→ Task:
Set down exactly, from the records below, the line with "#4=PRODUCT('Part','Part','',(#3));" through the line with "#24=CARTESIAN_POINT('',(-39.9999999999974,0.,2.));", and nothing else.

→ Records shown:
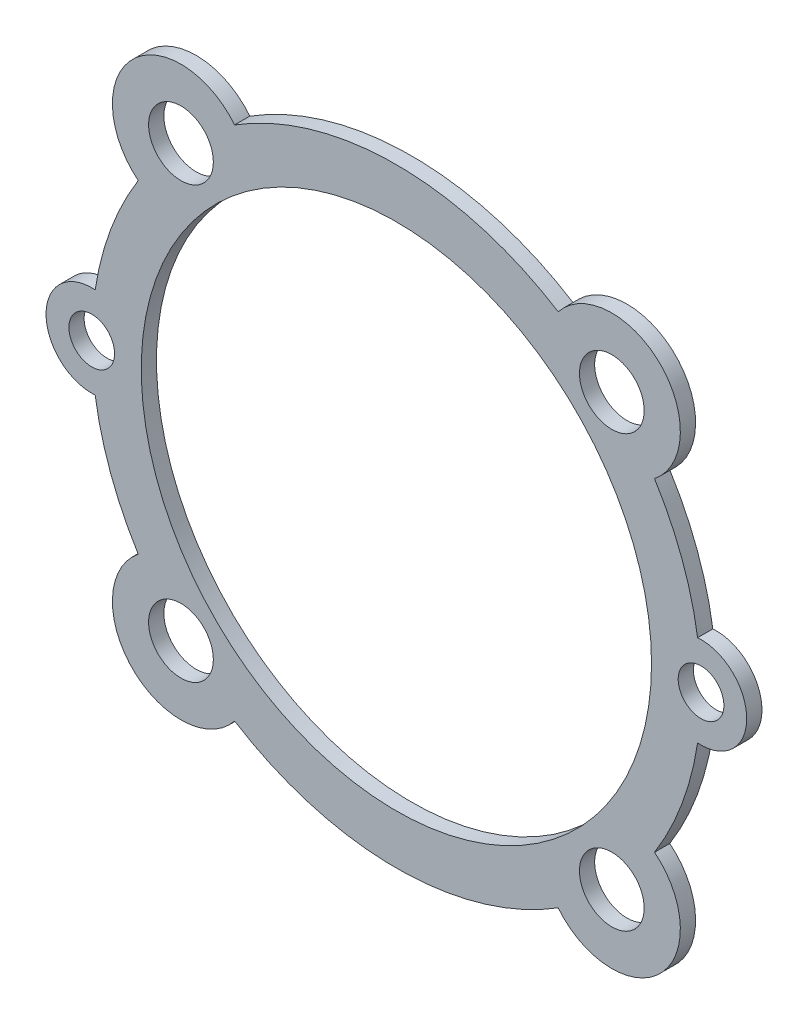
ISO-10303-21;
HEADER;
FILE_DESCRIPTION(('STEP AP214'),'2;1');
FILE_NAME('part.step','',(''),(''),'','','');
FILE_SCHEMA(('AUTOMOTIVE_DESIGN { 1 0 10303 214 1 1 1 1 }'));
ENDSEC;
DATA;
#1=APPLICATION_CONTEXT('core data for automotive mechanical design processes');
#2=APPLICATION_PROTOCOL_DEFINITION('international standard','automotive_design',2000,#1);
#3=PRODUCT_CONTEXT('',#1,'mechanical');
#4=PRODUCT('Part','Part','',(#3));
#5=PRODUCT_RELATED_PRODUCT_CATEGORY('part','',(#4));
#6=PRODUCT_DEFINITION_FORMATION('','',#4);
#7=PRODUCT_DEFINITION_CONTEXT('part definition',#1,'design');
#8=PRODUCT_DEFINITION('design','',#6,#7);
#9=PRODUCT_DEFINITION_SHAPE('','',#8);
#10=(LENGTH_UNIT() NAMED_UNIT(*) SI_UNIT(.MILLI.,.METRE.));
#11=(NAMED_UNIT(*) PLANE_ANGLE_UNIT() SI_UNIT($,.RADIAN.));
#12=(NAMED_UNIT(*) SI_UNIT($,.STERADIAN.) SOLID_ANGLE_UNIT());
#13=UNCERTAINTY_MEASURE_WITH_UNIT(LENGTH_MEASURE(1.E-05),#10,'distance_accuracy_value','');
#14=(GEOMETRIC_REPRESENTATION_CONTEXT(3) GLOBAL_UNCERTAINTY_ASSIGNED_CONTEXT((#13)) GLOBAL_UNIT_ASSIGNED_CONTEXT((#10,
#11,#12)) REPRESENTATION_CONTEXT('',''));
#15=CARTESIAN_POINT('',(0.,0.,0.));
#16=DIRECTION('',(0.,0.,1.));
#17=DIRECTION('',(1.,0.,0.));
#18=AXIS2_PLACEMENT_3D('',#15,#16,#17);
#19=CARTESIAN_POINT('',(14.1421356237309,14.142135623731,2.));
#20=DIRECTION('',(0.,0.,1.));
#21=DIRECTION('',(1.,0.,0.));
#22=AXIS2_PLACEMENT_3D('',#19,#20,#21);
#23=PLANE('',#22);
#24=CARTESIAN_POINT('',(-39.9999999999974,0.,2.));
#25=DIRECTION('',(0.,0.,1.));
#26=DIRECTION('',(1.,0.,0.));
#27=AXIS2_PLACEMENT_3D('',#24,#25,#26);
#28=CIRCLE('',#27,3.);
#29=CARTESIAN_POINT('',(-36.9999999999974,0.,2.));
#30=VERTEX_POINT('',#29);
#31=EDGE_CURVE('E295',#30,#30,#28,.T.);
#32=ORIENTED_EDGE('',*,*,#31,.F.);
#33=EDGE_LOOP('',(#32));
#34=FACE_BOUND('',#33,.T.);
#35=CARTESIAN_POINT('',(39.9999999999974,0.,2.));
#36=DIRECTION('',(0.,0.,1.));
#37=DIRECTION('',(1.,0.,0.));
#38=AXIS2_PLACEMENT_3D('',#35,#36,#37);
#39=CIRCLE('',#38,3.);
#40=CARTESIAN_POINT('',(42.9999999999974,0.,2.));
#41=VERTEX_POINT('',#40);
#42=EDGE_CURVE('E297',#41,#41,#39,.T.);
#43=ORIENTED_EDGE('',*,*,#42,.F.);
#44=EDGE_LOOP('',(#43));
#45=FACE_BOUND('',#44,.T.);
#46=CARTESIAN_POINT('',(-28.2842712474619,28.2842712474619,2.));
#47=DIRECTION('',(0.,0.,1.));
#48=DIRECTION('',(1.,0.,0.));
#49=AXIS2_PLACEMENT_3D('',#46,#47,#48);
#50=CIRCLE('',#49,4.25);
#51=CARTESIAN_POINT('',(-24.0342712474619,28.2842712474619,2.));
#52=VERTEX_POINT('',#51);
#53=EDGE_CURVE('E308',#52,#52,#50,.T.);
#54=ORIENTED_EDGE('',*,*,#53,.F.);
#55=EDGE_LOOP('',(#54));
#56=FACE_BOUND('',#55,.T.);
#57=CARTESIAN_POINT('',(28.2842712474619,28.284271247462,2.));
#58=DIRECTION('',(0.,0.,1.));
#59=DIRECTION('',(1.,0.,0.));
#60=AXIS2_PLACEMENT_3D('',#57,#58,#59);
#61=CIRCLE('',#60,4.25);
#62=CARTESIAN_POINT('',(32.5342712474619,28.284271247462,2.));
#63=VERTEX_POINT('',#62);
#64=EDGE_CURVE('E314',#63,#63,#61,.T.);
#65=ORIENTED_EDGE('',*,*,#64,.F.);
#66=EDGE_LOOP('',(#65));
#67=FACE_BOUND('',#66,.T.);
#68=CARTESIAN_POINT('',(28.2842712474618,-28.284271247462,2.));
#69=DIRECTION('',(0.,0.,1.));
#70=DIRECTION('',(1.,0.,0.));
#71=AXIS2_PLACEMENT_3D('',#68,#69,#70);
#72=CIRCLE('',#71,4.25);
#73=CARTESIAN_POINT('',(32.5342712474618,-28.284271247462,2.));
#74=VERTEX_POINT('',#73);
#75=EDGE_CURVE('E320',#74,#74,#72,.T.);
#76=ORIENTED_EDGE('',*,*,#75,.F.);
#77=EDGE_LOOP('',(#76));
#78=FACE_BOUND('',#77,.T.);
#79=CARTESIAN_POINT('',(-28.2842712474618,-28.284271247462,2.));
#80=DIRECTION('',(0.,0.,1.));
#81=DIRECTION('',(1.,0.,0.));
#82=AXIS2_PLACEMENT_3D('',#79,#80,#81);
#83=CIRCLE('',#82,4.25);
#84=CARTESIAN_POINT('',(-24.0342712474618,-28.284271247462,2.));
#85=VERTEX_POINT('',#84);
#86=EDGE_CURVE('E326',#85,#85,#83,.T.);
#87=ORIENTED_EDGE('',*,*,#86,.F.);
#88=EDGE_LOOP('',(#87));
#89=FACE_BOUND('',#88,.T.);
#90=CARTESIAN_POINT('',(0.,0.,2.));
#91=DIRECTION('',(0.,0.,1.));
#92=DIRECTION('',(1.,0.,0.));
#93=AXIS2_PLACEMENT_3D('',#90,#91,#92);
#94=CIRCLE('',#93,40.);
#95=CARTESIAN_POINT('',(39.55,5.98310120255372,2.));
#96=VERTEX_POINT('',#95);
#97=CARTESIAN_POINT('',(33.8918864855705,21.2447647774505,2.));
#98=VERTEX_POINT('',#97);
#99=EDGE_CURVE('E175',#96,#98,#94,.T.);
#100=ORIENTED_EDGE('',*,*,#99,.T.);
#101=CARTESIAN_POINT('',(28.2842712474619,28.284271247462,2.));
#102=DIRECTION('',(0.,0.,1.));
#103=DIRECTION('',(1.,0.,0.));
#104=AXIS2_PLACEMENT_3D('',#101,#102,#103);
#105=CIRCLE('',#104,9.00000000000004);
#106=CARTESIAN_POINT('',(21.2447647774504,33.8918864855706,2.));
#107=VERTEX_POINT('',#106);
#108=EDGE_CURVE('E103',#98,#107,#105,.T.);
#109=ORIENTED_EDGE('',*,*,#108,.T.);
#110=CARTESIAN_POINT('',(0.,0.,2.));
#111=DIRECTION('',(0.,0.,1.));
#112=DIRECTION('',(1.,0.,0.));
#113=AXIS2_PLACEMENT_3D('',#110,#111,#112);
#114=CIRCLE('',#113,40.);
#115=CARTESIAN_POINT('',(-21.2447647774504,33.8918864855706,2.));
#116=VERTEX_POINT('',#115);
#117=EDGE_CURVE('E202',#107,#116,#114,.T.);
#118=ORIENTED_EDGE('',*,*,#117,.T.);
#119=CARTESIAN_POINT('',(-28.2842712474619,28.2842712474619,2.));
#120=DIRECTION('',(0.,0.,1.));
#121=DIRECTION('',(1.,0.,0.));
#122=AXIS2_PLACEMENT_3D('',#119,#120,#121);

→ Solution to this exercise:
#4=PRODUCT('Part','Part','',(#3));
#5=PRODUCT_RELATED_PRODUCT_CATEGORY('part','',(#4));
#6=PRODUCT_DEFINITION_FORMATION('','',#4);
#7=PRODUCT_DEFINITION_CONTEXT('part definition',#1,'design');
#8=PRODUCT_DEFINITION('design','',#6,#7);
#9=PRODUCT_DEFINITION_SHAPE('','',#8);
#10=(LENGTH_UNIT() NAMED_UNIT(*) SI_UNIT(.MILLI.,.METRE.));
#11=(NAMED_UNIT(*) PLANE_ANGLE_UNIT() SI_UNIT($,.RADIAN.));
#12=(NAMED_UNIT(*) SI_UNIT($,.STERADIAN.) SOLID_ANGLE_UNIT());
#13=UNCERTAINTY_MEASURE_WITH_UNIT(LENGTH_MEASURE(1.E-05),#10,'distance_accuracy_value','');
#14=(GEOMETRIC_REPRESENTATION_CONTEXT(3) GLOBAL_UNCERTAINTY_ASSIGNED_CONTEXT((#13)) GLOBAL_UNIT_ASSIGNED_CONTEXT((#10,
#11,#12)) REPRESENTATION_CONTEXT('',''));
#15=CARTESIAN_POINT('',(0.,0.,0.));
#16=DIRECTION('',(0.,0.,1.));
#17=DIRECTION('',(1.,0.,0.));
#18=AXIS2_PLACEMENT_3D('',#15,#16,#17);
#19=CARTESIAN_POINT('',(14.1421356237309,14.142135623731,2.));
#20=DIRECTION('',(0.,0.,1.));
#21=DIRECTION('',(1.,0.,0.));
#22=AXIS2_PLACEMENT_3D('',#19,#20,#21);
#23=PLANE('',#22);
#24=CARTESIAN_POINT('',(-39.9999999999974,0.,2.));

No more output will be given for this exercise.